A generalization of the notion of helix
Pascual Lucas, José Antonio Ortega-Yagües
TL;DR
This work generalizes the classical helix by replacing the tangent field with an $F$-constant vector field $W$ along a curve $\alpha$ in $\mathbb{R}^3$ and requiring $W$ to form a constant angle $\theta$ with a fixed axis $V$. The authors derive natural equations for three helix families—normal, osculating, and rectifying—expressed in terms of the Frenet data $(\kappa_\alpha,\tau_\alpha)$ and, for normal helices, the Lancret curvature $\rho=\tau_\alpha/\kappa_\alpha$, obtaining explicit characterizations such as $\frac{\kappa_\alpha}{\cos^2\theta\,\kappa_\alpha^2+\tau_\alpha^2}\left(\frac{\tau_\alpha}{\kappa_\alpha}\right)'=-\tan\theta$ for normal helices and $\frac{\tau_\alpha}{\kappa_\alpha^2+\sin^2\theta\,\tau_\alpha^2}\left(\frac{\kappa_\alpha}{\tau_\alpha}\right)'=\cot\theta$ for osculating helices.

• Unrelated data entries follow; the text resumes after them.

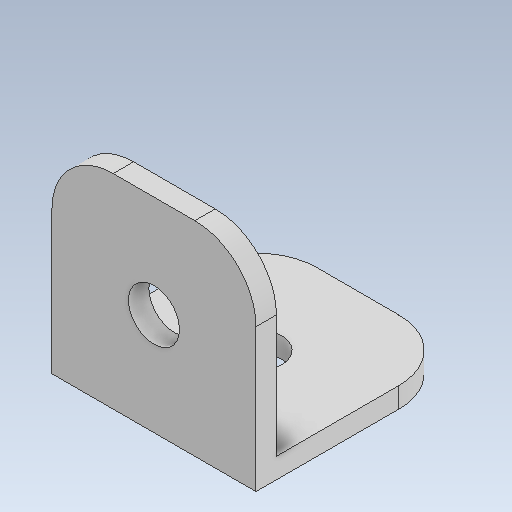
# Autodesk Inventor part: 80-20 bracket 1in
Saved by Autodesk Inventor 2020.2 (Build 242310000, 310)
## iProperties
Created: 2020-02-02
Part Number: 80-20 bracket 1in
Material: Generic
Document SubType Name: Modeling
Designer: lucas
Density: 1 g/cm^3
Appearance: Default
Mass: 2.82606 g
Surface Area: 26.6755 cm^2
Volume: 2.82606 cm^3
Author: lucas
Autodesk Inventor part; units mm, degrees
ref_plane "YZ Plane" through (0, 0, 0) normal (1, 0, 0) x (0, 1, 0)
ref_plane "XZ Plane" through (0, 0, 0) normal (0, 1, 0) x (-1, 0, 0)
ref_plane "XY Plane" through (0, 0, 0) normal (0, 0, 1) x (1, 0, 0)
sketch "Sketch1" plane through (0, 0, 0) normal (1, 0, 0) x (0, 1, 0)
  line L0 (-21.9539, 18.6933) -> (3.4461, 18.6933)
  line L1 (3.4461, 18.6933) -> (3.4461, 21.2333)
  line L2 (3.4461, 21.2333) -> (-21.9539, 21.2333)
  line L3 (-21.9539, 21.2333) -> (-21.9539, 18.6933)
  line L4 (-21.9539, 18.6933) -> (-19.4139, 18.6933)
  line L5 (-19.4139, 18.6933) -> (-19.4139, -4.1667)
  line L6 (-19.4139, -4.1667) -> (-21.9539, -4.1667)
  line L7 (-21.9539, -4.1667) -> (-21.9539, 18.6933)
  point P0 (0, 0)
  dimension "d0" = 2.54
  dimension "d1" = 2.54
  dimension "d2" = 25.4
  dimension "d3" = 25.4
  constraints: 16 end point, 4 parallel, 2 horizontal, 2 perpendicular
  measures "d0" distance of L5.end L6.end
  measures "d1" distance of L0.end L1.end
  measures "d2" distance of L1.end L2.end
  measures "d3" distance between parallel lines of L2 L6
extrude "Extrusion1" add sketch "Sketch1" along normal blind 25.4
sketch "Sketch2" plane through (0, -21.9539, 21.2333) normal (0, 0, 1) x (1, 0, 0)
  circle A0 centre (12.7, 12.7) radius 3.175
  line L0 (0, 25.4) -> (25.4, 25.4) projected
  line L1 (25.4, 25.4) -> (25.4, 0) projected
  point P0 (0, 21.9539)
  dimension "d6" = 6.35
  dimension "d7" = 12.7
  dimension "d8" = 12.7
  constraints: 1 centre point
  measures "d6" diameter of A0
  measures "d7" distance from line of L0 A0.centre
  measures "d8" distance from line of L1 A0.centre
extrude "Extrusion2" cut sketch "Sketch2" against normal blind 25.4
sketch "Sketch3" plane through (0, -21.9539, -4.1667) normal (0, -1, 0) x (1, 0, 0)
  circle A0 centre (12.7, 12.7) radius 3.175
  line L0 (0, 25.4) -> (25.4, 25.4) projected
  line L1 (25.4, 25.4) -> (25.4, 0) projected
  point P0 (0, 4.1667)
  dimension "d11" = 12.7
  dimension "d12" = 12.7
  dimension "d13" = 6.35
  constraints: 1 centre point
  measures "d11" distance from line of L0 A0.centre
  measures "d12" distance from line of L1 A0.centre
  measures "d13" diameter of A0
extrude "Extrusion3" cut sketch "Sketch3" against normal blind 25.4
fillet "Fillet1" radius 7.62 4 edges at (25.4, 3.4461, 19.9633) (0, 3.4461, 19.9633) (25.4, -20.6839, -4.1667) (0, -20.6839, -4.1667)
body "Solid1"
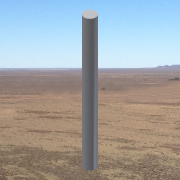
# Autodesk Inventor part: feed-spacer
Saved by Autodesk Inventor 2013 SP2 (Build 170200200, 200)
## iProperties
Company: HERA Project
Created: 2013-06-03
Part Number: feed-spacer
Material: Acetal Resin, White
Document SubType Name: Modeling
Designer: Rich Bradley
Density: 1.425 g/cm^3
Description: Feed disk spacer
Mass: 26.3641 g
Surface Area: 60.8049 cm^2
Volume: 18.5012 cm^3
Author: David DeBoer
Title: Feed spacer
Autodesk Inventor part; units mm, degrees
ref_plane "YZ Plane" through (0, 0, 0) normal (1, 0, 0) x (0, 1, 0)
ref_plane "XZ Plane" through (0, 0, 0) normal (0, 1, 0) x (-1, 0, 0)
ref_plane "XY Plane" through (0, 0, 0) normal (0, 0, 1) x (1, 0, 0)
sketch "Sketch1" plane through (0, 0, 0) normal (0, 1, 0) x (-1, 0, 0)
  circle A0 centre (0, 0) radius 6.35
  dimension "d0" = 12.7
  constraints: 1 centre point, 1 coincident
  measures "d0" diameter of A0
extrude "Extrusion1" add sketch "Sketch1" along normal blind 146.05
body "Solid1"

A duality between normal and osculating helices is established, and rectifying helices are shown to coincide with cylindrical helices under the orthogonality condition. The general case with $W=aT_\alpha+bN_\alpha+cB_\alpha$ yields a unifying differential equation and cylinder-based interpretation, unifying several classical helices (plane, cylindrical, normal, osculating, rectifying) within a single framework.
Abstract
In this paper we generalize the notion of helix in the three-dimensional Euclidean space, which we define as that curve $C$ for which there is an $F$-constant vector field $W$ along $C$ that forms a constant angle with a fixed direction $V$ (called an axis of the helix). We find the natural equation and the geometric integration of helices $C$ where the $F$-constant vector field $W$ is orthogonal to its axis.